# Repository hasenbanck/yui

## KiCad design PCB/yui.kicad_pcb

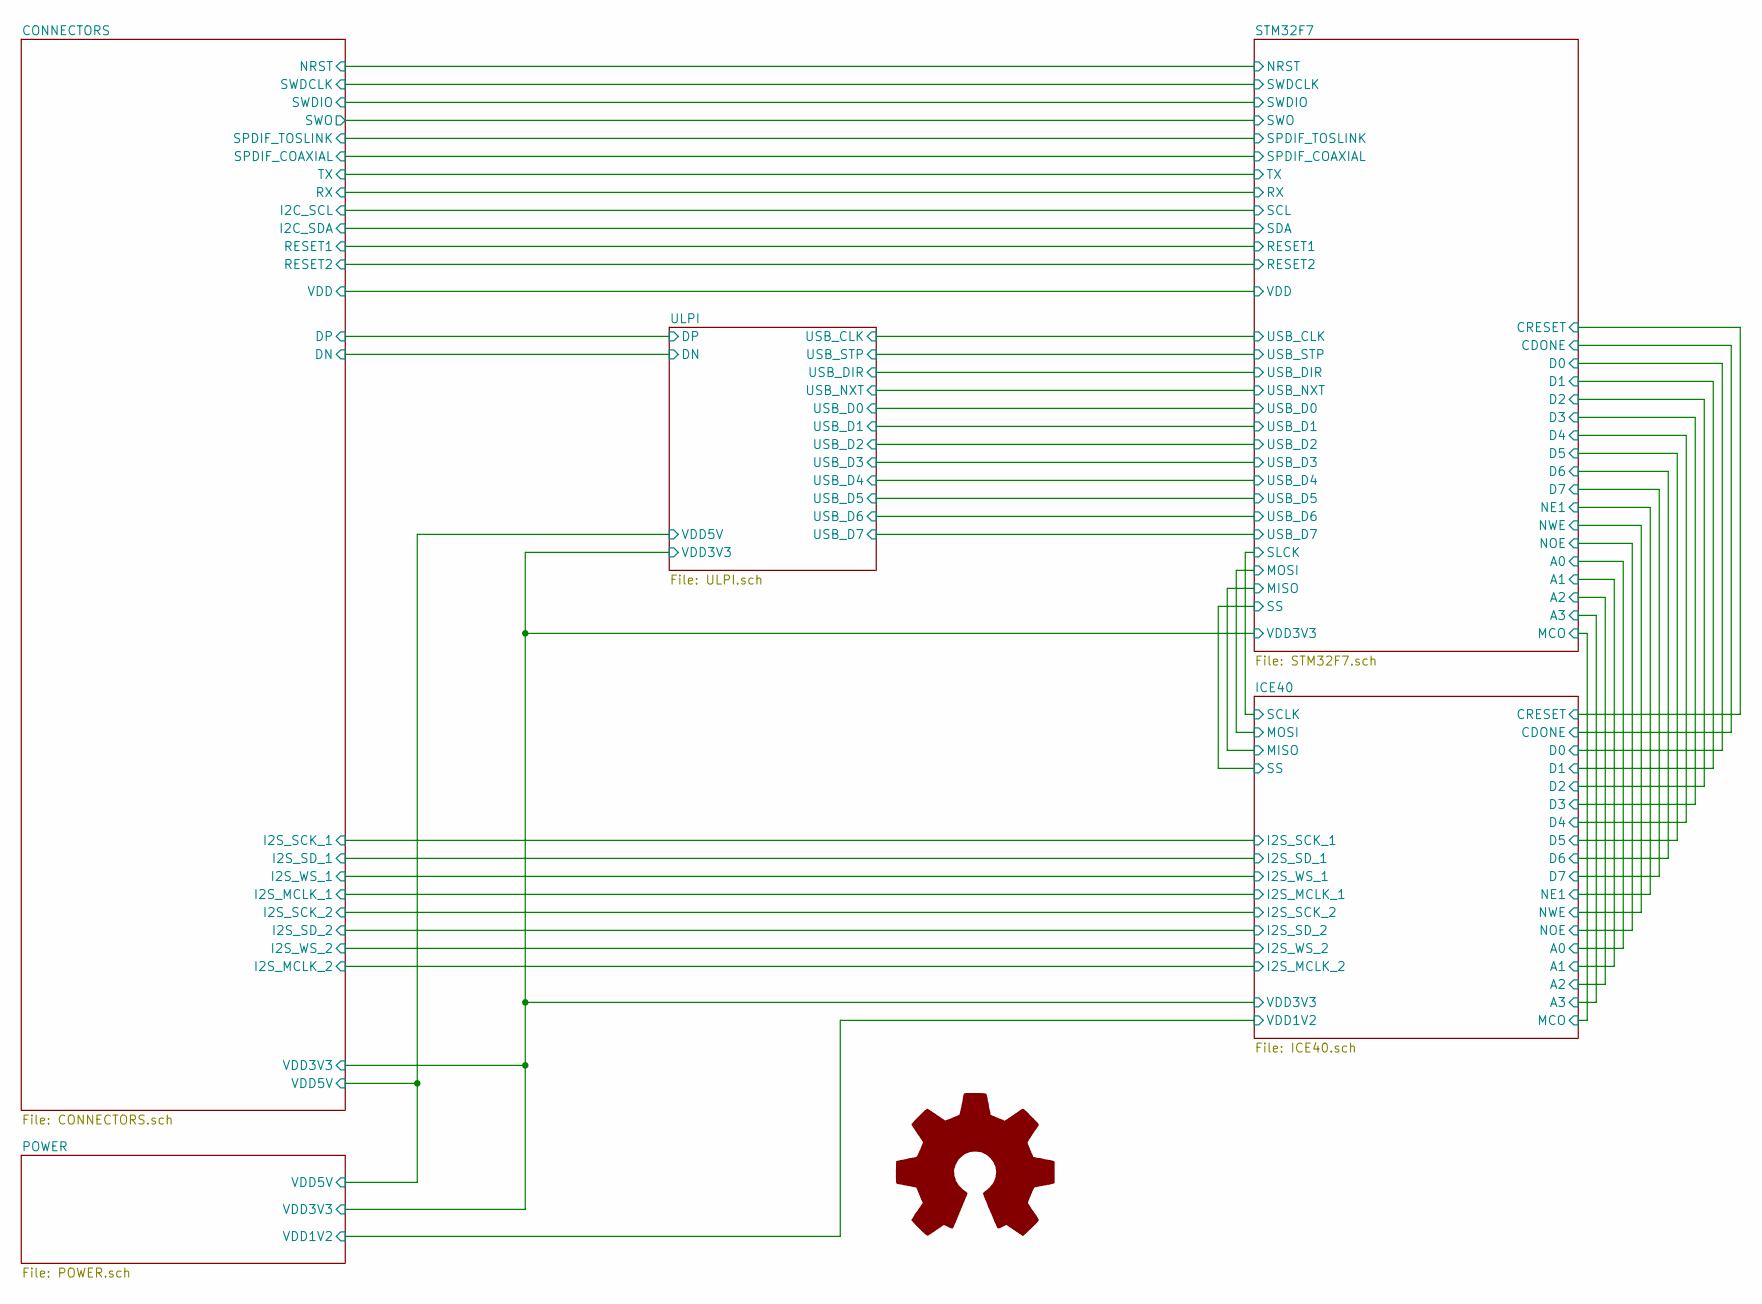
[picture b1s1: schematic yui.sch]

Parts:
LOGO1: Logo_Open_Hardware_Large; OSHW-Logo2_9.8x8mm_SilkScreen

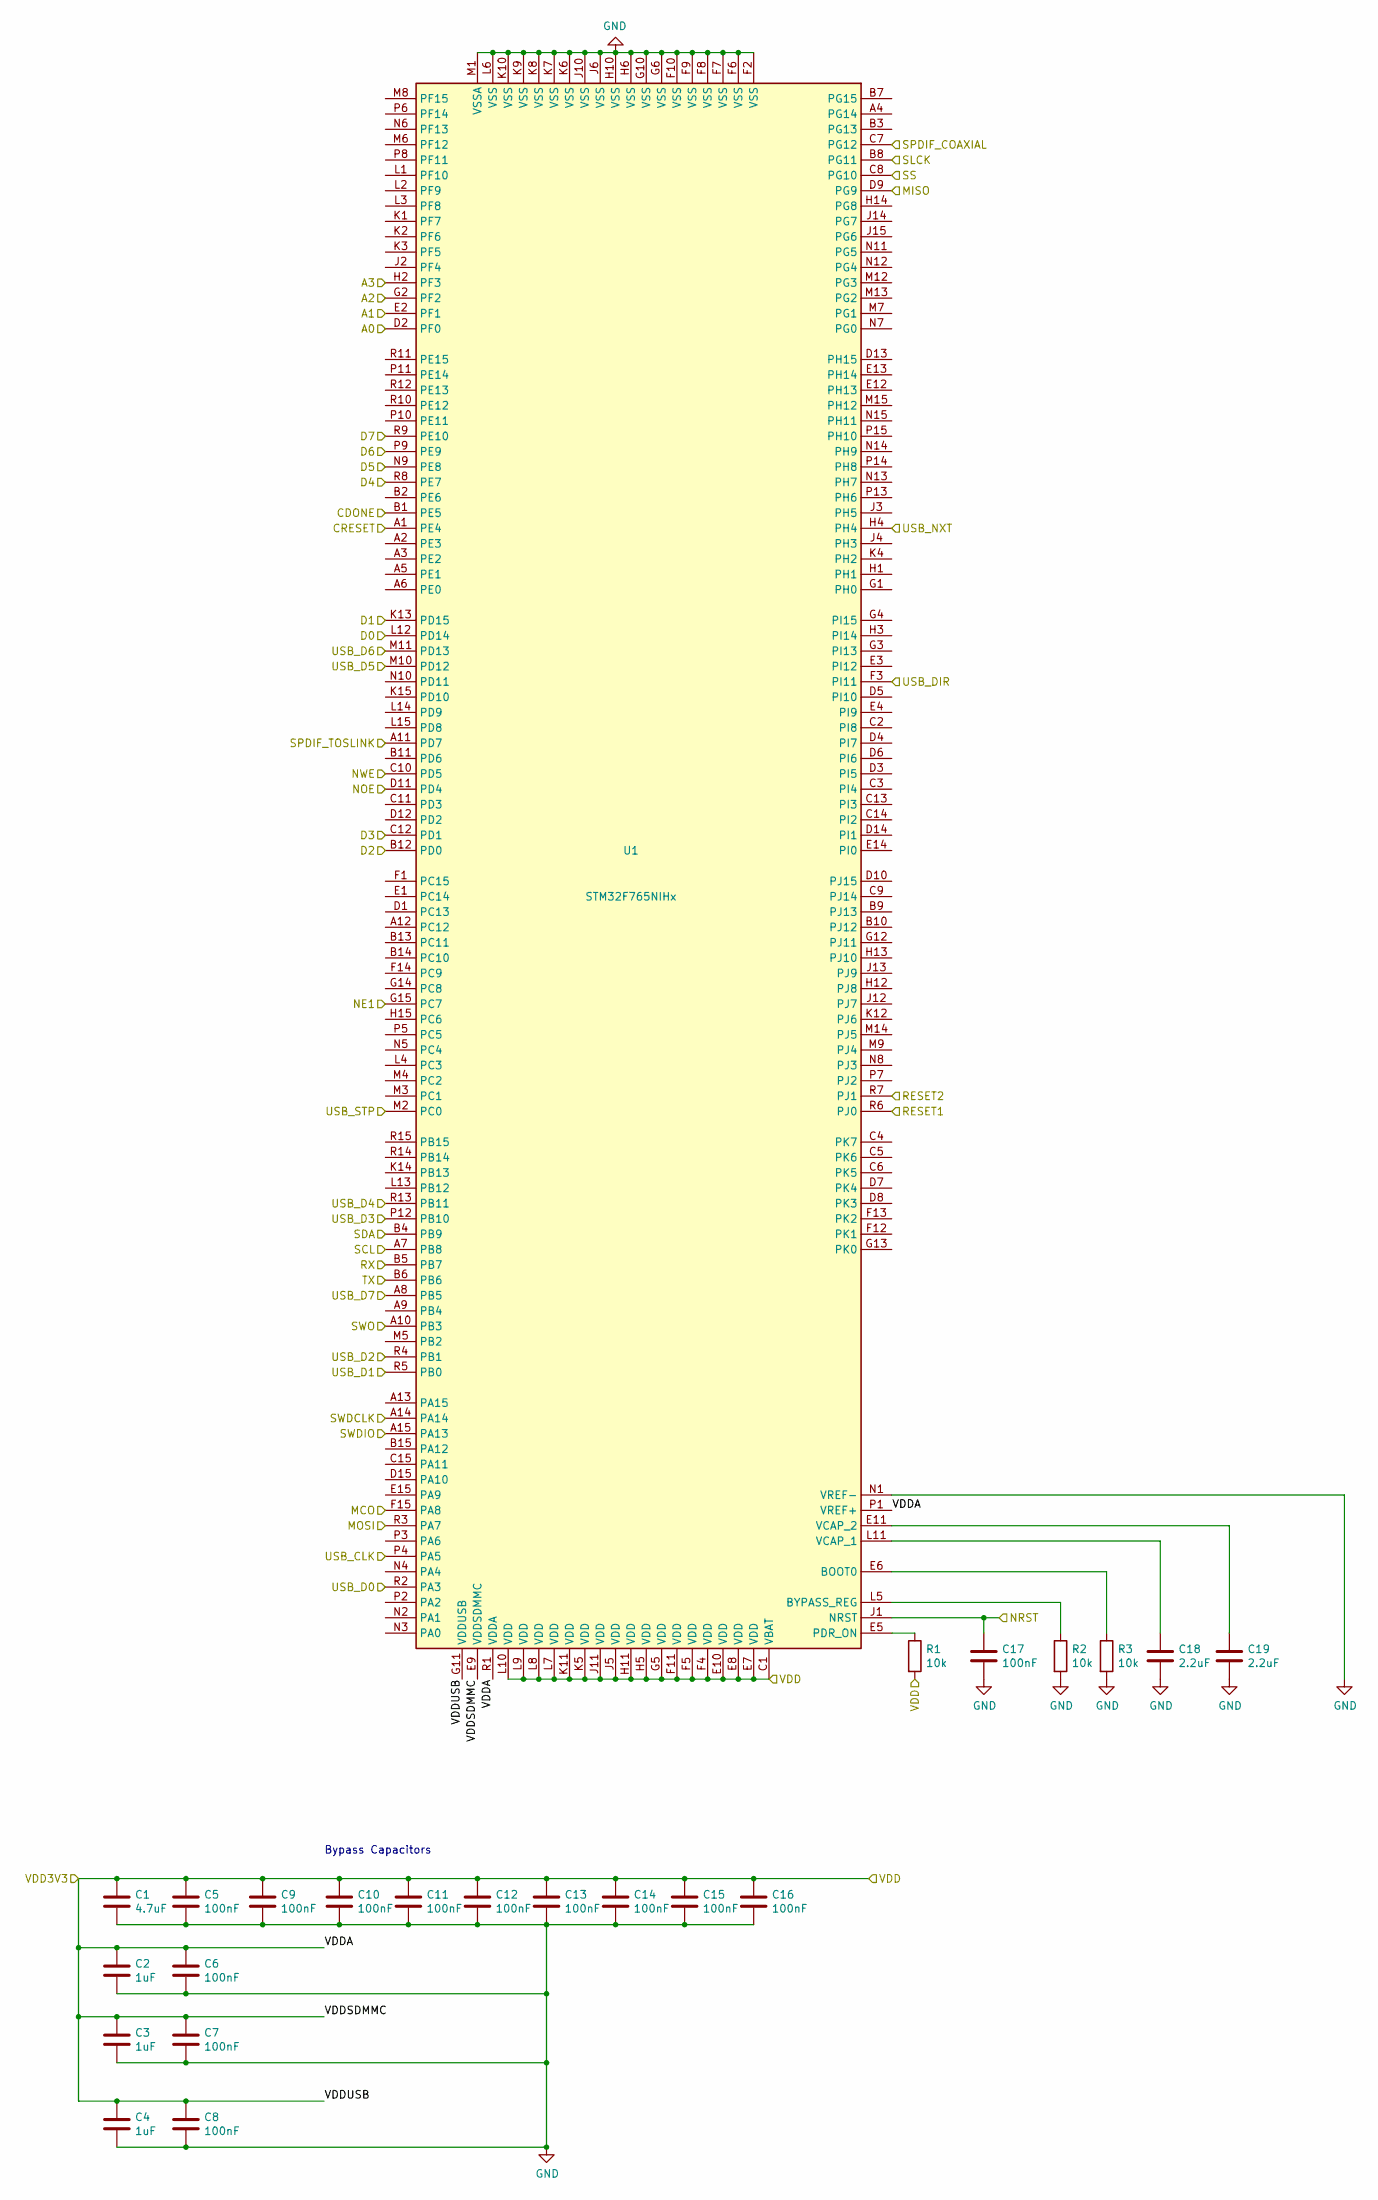
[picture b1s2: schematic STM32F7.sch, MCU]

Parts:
C1: 4.7uF; C_0603_1608Metric
C2, C3, C4: 1uF; C_0603_1608Metric
C5, C6, C7, C8, C9, C10, C11, C12, C13, C14, C15, C16, C17: 100nF; C_0603_1608Metric
C18, C19: 2.2uF; C_0603_1608Metric
R1, R2, R3: 10k; R_0603_1608Metric
U1: STM32F765NIHx; TFBGA-216_13x13mm_Layout15x15_P0.8mm

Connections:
/CONNECTORS/I2C_SCL: U1.A7 (PB8); also elsewhere on the board
/CONNECTORS/I2C_SDA: U1.B4 (PB9); also elsewhere on the board
/CONNECTORS/NRST: C17.2, U1.J1 (NRST); also elsewhere on the board
/CONNECTORS/RESET1: U1.R6 (PJ0); also elsewhere on the board
/CONNECTORS/RESET2: U1.R7 (PJ1); also elsewhere on the board
/CONNECTORS/RX: U1.B5 (PB7); also elsewhere on the board
/CONNECTORS/SPDIF_COAXIAL: U1.C7 (PG12); also elsewhere on the board
/CONNECTORS/SPDIF_TOSLINK: U1.A11 (PD7); also elsewhere on the board
/CONNECTORS/SWDCLK: U1.A14; also elsewhere on the board
/CONNECTORS/SWDIO: U1.A15 (PA13); also elsewhere on the board
/CONNECTORS/SWO: U1.A10 (PB3); also elsewhere on the board
/CONNECTORS/TX: U1.B6; also elsewhere on the board
/CONNECTORS/VDD: C1.1, C2.1, C3.1, C4.1, C5.1, C6.1, C7.1, C8.1, C9.1, C10.1, C11.1, C12.1, C13.1, C14.1, C15.1, C16.1, R1.2, U1.C1 (VBAT), U1.E7 (VDD), U1.E8 (VDD), U1.E9 (VDDSDMMC), U1.E10 (VDD), U1.F4 (VDD), U1.F5 (VDD), U1.F11 (VDD), U1.G5 (VDD), U1.G11 (VDDUSB), U1.H5 (VDD), U1.H11 (VDD), U1.J5 (VDD), U1.J11 (VDD), U1.K5 (VDD), U1.K11 (VDD), U1.L7 (VDD), U1.L8 (VDD), U1.L9 (VDD), U1.L10 (VDD), U1.P1 (VREF+), U1.R1 (VDDA); also elsewhere on the board
/ICE40/A0: U1.D2 (PF0); also elsewhere on the board
/ICE40/A1: U1.E2 (PF1); also elsewhere on the board
/ICE40/A2: U1.G2 (PF2); also elsewhere on the board
/ICE40/A3: U1.H2 (PF3); also elsewhere on the board
/ICE40/CDONE: U1.B1 (PE5); also elsewhere on the board
/ICE40/CRESET: U1.A1 (PE4); also elsewhere on the board
/ICE40/D0: U1.L12 (PD14); also elsewhere on the board
/ICE40/D1: U1.K13 (PD15); also elsewhere on the board
/ICE40/D2: U1.B12 (PD0); also elsewhere on the board
/ICE40/D3: U1.C12 (PD1); also elsewhere on the board
/ICE40/D4: U1.R8 (PE7); also elsewhere on the board
/ICE40/D5: U1.N9 (PE8); also elsewhere on the board
/ICE40/D6: U1.P9 (PE9); also elsewhere on the board
/ICE40/D7: U1.R9 (PE10); also elsewhere on the board
/ICE40/MCO: U1.F15 (PA8); also elsewhere on the board
/ICE40/MISO: U1.D9 (PG9); also elsewhere on the board
/ICE40/MOSI: U1.R3 (PA7); also elsewhere on the board
/ICE40/NE1: U1.G15 (PC7); also elsewhere on the board
/ICE40/NOE: U1.D11 (PD4); also elsewhere on the board
/ICE40/NWE: U1.C10 (PD5); also elsewhere on the board
/ICE40/SCLK: U1.B8 (PG11); also elsewhere on the board
/ICE40/SS: U1.C8 (PG10); also elsewhere on the board
/STM32F7/USB_CLK: U1.P4 (PA5); also elsewhere on the board
/STM32F7/USB_D0: U1.R2 (PA3); also elsewhere on the board
/STM32F7/USB_D1: U1.R5 (PB0); also elsewhere on the board
/STM32F7/USB_D2: U1.R4 (PB1); also elsewhere on the board
/STM32F7/USB_D3: U1.P12 (PB10); also elsewhere on the board
/STM32F7/USB_D4: U1.R13 (PB11); also elsewhere on the board
/STM32F7/USB_D5: U1.M10 (PD12); also elsewhere on the board
/STM32F7/USB_D6: U1.M11 (PD13); also elsewhere on the board
/STM32F7/USB_D7: U1.A8 (PB5); also elsewhere on the board
/STM32F7/USB_DIR: U1.F3 (PI11); also elsewhere on the board
/STM32F7/USB_NXT: U1.H4; also elsewhere on the board
/STM32F7/USB_STP: U1.M2 (PC0); also elsewhere on the board
GND: C1.2, C2.2, C3.2, C4.2, C5.2, C6.2, C7.2, C8.2, C9.2, C10.2, C11.2, C12.2, C13.2, C14.2, C15.2, C16.2, C17.1, C18.1, C19.1, R2.2, R3.2, U1.F2 (VSS), U1.F6 (VSS), U1.F7 (VSS), U1.F8 (VSS), U1.F9 (VSS), U1.F10 (VSS), U1.G6 (VSS), U1.G10 (VSS), U1.H6 (VSS), U1.H10 (VSS), U1.J6 (VSS), U1.J10 (VSS), U1.K6 (VSS), U1.K7 (VSS), U1.K8 (VSS), U1.K9 (VSS), U1.K10 (VSS), U1.L6 (VSS), U1.M1 (VSSA), U1.N1 (VREF-); also elsewhere on the board
unnamed: C18.2, U1.L11 (VCAP_1)
unnamed: C19.2, U1.E11 (VCAP_2)
unnamed: R1.1, U1.E5 (PDR_ON)
unnamed: R2.1, U1.L5 (BYPASS_REG)
unnamed: R3.1, U1.E6 (BOOT0)

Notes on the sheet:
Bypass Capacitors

┄┄┄┄┄┄

* _To do_: Every line of the listing is to be repeated exactly, and the pictures are to be dropped.

* _Solution to this exercise_:
# Repository hasenbanck/yui

## KiCad design PCB/yui.kicad_pcb

[picture b1s1: schematic yui.sch]

Parts:
LOGO1: Logo_Open_Hardware_Large; OSHW-Logo2_9.8x8mm_SilkScreen

[picture b1s2: schematic STM32F7.sch, MCU]

Parts:
C1: 4.7uF; C_0603_1608Metric
C2, C3, C4: 1uF; C_0603_1608Metric
C5, C6, C7, C8, C9, C10, C11, C12, C13, C14, C15, C16, C17: 100nF; C_0603_1608Metric
C18, C19: 2.2uF; C_0603_1608Metric
R1, R2, R3: 10k; R_0603_1608Metric
U1: STM32F765NIHx; TFBGA-216_13x13mm_Layout15x15_P0.8mm

Connections:
/CONNECTORS/I2C_SCL: U1.A7 (PB8); also elsewhere on the board
/CONNECTORS/I2C_SDA: U1.B4 (PB9); also elsewhere on the board
/CONNECTORS/NRST: C17.2, U1.J1 (NRST); also elsewhere on the board
/CONNECTORS/RESET1: U1.R6 (PJ0); also elsewhere on the board
/CONNECTORS/RESET2: U1.R7 (PJ1); also elsewhere on the board
/CONNECTORS/RX: U1.B5 (PB7); also elsewhere on the board
/CONNECTORS/SPDIF_COAXIAL: U1.C7 (PG12); also elsewhere on the board
/CONNECTORS/SPDIF_TOSLINK: U1.A11 (PD7); also elsewhere on the board
/CONNECTORS/SWDCLK: U1.A14; also elsewhere on the board
/CONNECTORS/SWDIO: U1.A15 (PA13); also elsewhere on the board
/CONNECTORS/SWO: U1.A10 (PB3); also elsewhere on the board
/CONNECTORS/TX: U1.B6; also elsewhere on the board
/CONNECTORS/VDD: C1.1, C2.1, C3.1, C4.1, C5.1, C6.1, C7.1, C8.1, C9.1, C10.1, C11.1, C12.1, C13.1, C14.1, C15.1, C16.1, R1.2, U1.C1 (VBAT), U1.E7 (VDD), U1.E8 (VDD), U1.E9 (VDDSDMMC), U1.E10 (VDD), U1.F4 (VDD), U1.F5 (VDD), U1.F11 (VDD), U1.G5 (VDD), U1.G11 (VDDUSB), U1.H5 (VDD), U1.H11 (VDD), U1.J5 (VDD), U1.J11 (VDD), U1.K5 (VDD), U1.K11 (VDD), U1.L7 (VDD), U1.L8 (VDD), U1.L9 (VDD), U1.L10 (VDD), U1.P1 (VREF+), U1.R1 (VDDA); also elsewhere on the board
/ICE40/A0: U1.D2 (PF0); also elsewhere on the board
/ICE40/A1: U1.E2 (PF1); also elsewhere on the board
/ICE40/A2: U1.G2 (PF2); also elsewhere on the board
/ICE40/A3: U1.H2 (PF3); also elsewhere on the board
/ICE40/CDONE: U1.B1 (PE5); also elsewhere on the board
/ICE40/CRESET: U1.A1 (PE4); also elsewhere on the board
/ICE40/D0: U1.L12 (PD14); also elsewhere on the board
/ICE40/D1: U1.K13 (PD15); also elsewhere on the board
/ICE40/D2: U1.B12 (PD0); also elsewhere on the board
/ICE40/D3: U1.C12 (PD1); also elsewhere on the board
/ICE40/D4: U1.R8 (PE7); also elsewhere on the board
/ICE40/D5: U1.N9 (PE8); also elsewhere on the board
/ICE40/D6: U1.P9 (PE9); also elsewhere on the board
/ICE40/D7: U1.R9 (PE10); also elsewhere on the board
/ICE40/MCO: U1.F15 (PA8); also elsewhere on the board
/ICE40/MISO: U1.D9 (PG9); also elsewhere on the board
/ICE40/MOSI: U1.R3 (PA7); also elsewhere on the board
/ICE40/NE1: U1.G15 (PC7); also elsewhere on the board
/ICE40/NOE: U1.D11 (PD4); also elsewhere on the board
/ICE40/NWE: U1.C10 (PD5); also elsewhere on the board
/ICE40/SCLK: U1.B8 (PG11); also elsewhere on the board
/ICE40/SS: U1.C8 (PG10); also elsewhere on the board
/STM32F7/USB_CLK: U1.P4 (PA5); also elsewhere on the board
/STM32F7/USB_D0: U1.R2 (PA3); also elsewhere on the board
/STM32F7/USB_D1: U1.R5 (PB0); also elsewhere on the board
/STM32F7/USB_D2: U1.R4 (PB1); also elsewhere on the board
/STM32F7/USB_D3: U1.P12 (PB10); also elsewhere on the board
/STM32F7/USB_D4: U1.R13 (PB11); also elsewhere on the board
/STM32F7/USB_D5: U1.M10 (PD12); also elsewhere on the board
/STM32F7/USB_D6: U1.M11 (PD13); also elsewhere on the board
/STM32F7/USB_D7: U1.A8 (PB5); also elsewhere on the board
/STM32F7/USB_DIR: U1.F3 (PI11); also elsewhere on the board
/STM32F7/USB_NXT: U1.H4; also elsewhere on the board
/STM32F7/USB_STP: U1.M2 (PC0); also elsewhere on the board
GND: C1.2, C2.2, C3.2, C4.2, C5.2, C6.2, C7.2, C8.2, C9.2, C10.2, C11.2, C12.2, C13.2, C14.2, C15.2, C16.2, C17.1, C18.1, C19.1, R2.2, R3.2, U1.F2 (VSS), U1.F6 (VSS), U1.F7 (VSS), U1.F8 (VSS), U1.F9 (VSS), U1.F10 (VSS), U1.G6 (VSS), U1.G10 (VSS), U1.H6 (VSS), U1.H10 (VSS), U1.J6 (VSS), U1.J10 (VSS), U1.K6 (VSS), U1.K7 (VSS), U1.K8 (VSS), U1.K9 (VSS), U1.K10 (VSS), U1.L6 (VSS), U1.M1 (VSSA), U1.N1 (VREF-); also elsewhere on the board
unnamed: C18.2, U1.L11 (VCAP_1)
unnamed: C19.2, U1.E11 (VCAP_2)
unnamed: R1.1, U1.E5 (PDR_ON)
unnamed: R2.1, U1.L5 (BYPASS_REG)
unnamed: R3.1, U1.E6 (BOOT0)

Notes on the sheet:
Bypass Capacitors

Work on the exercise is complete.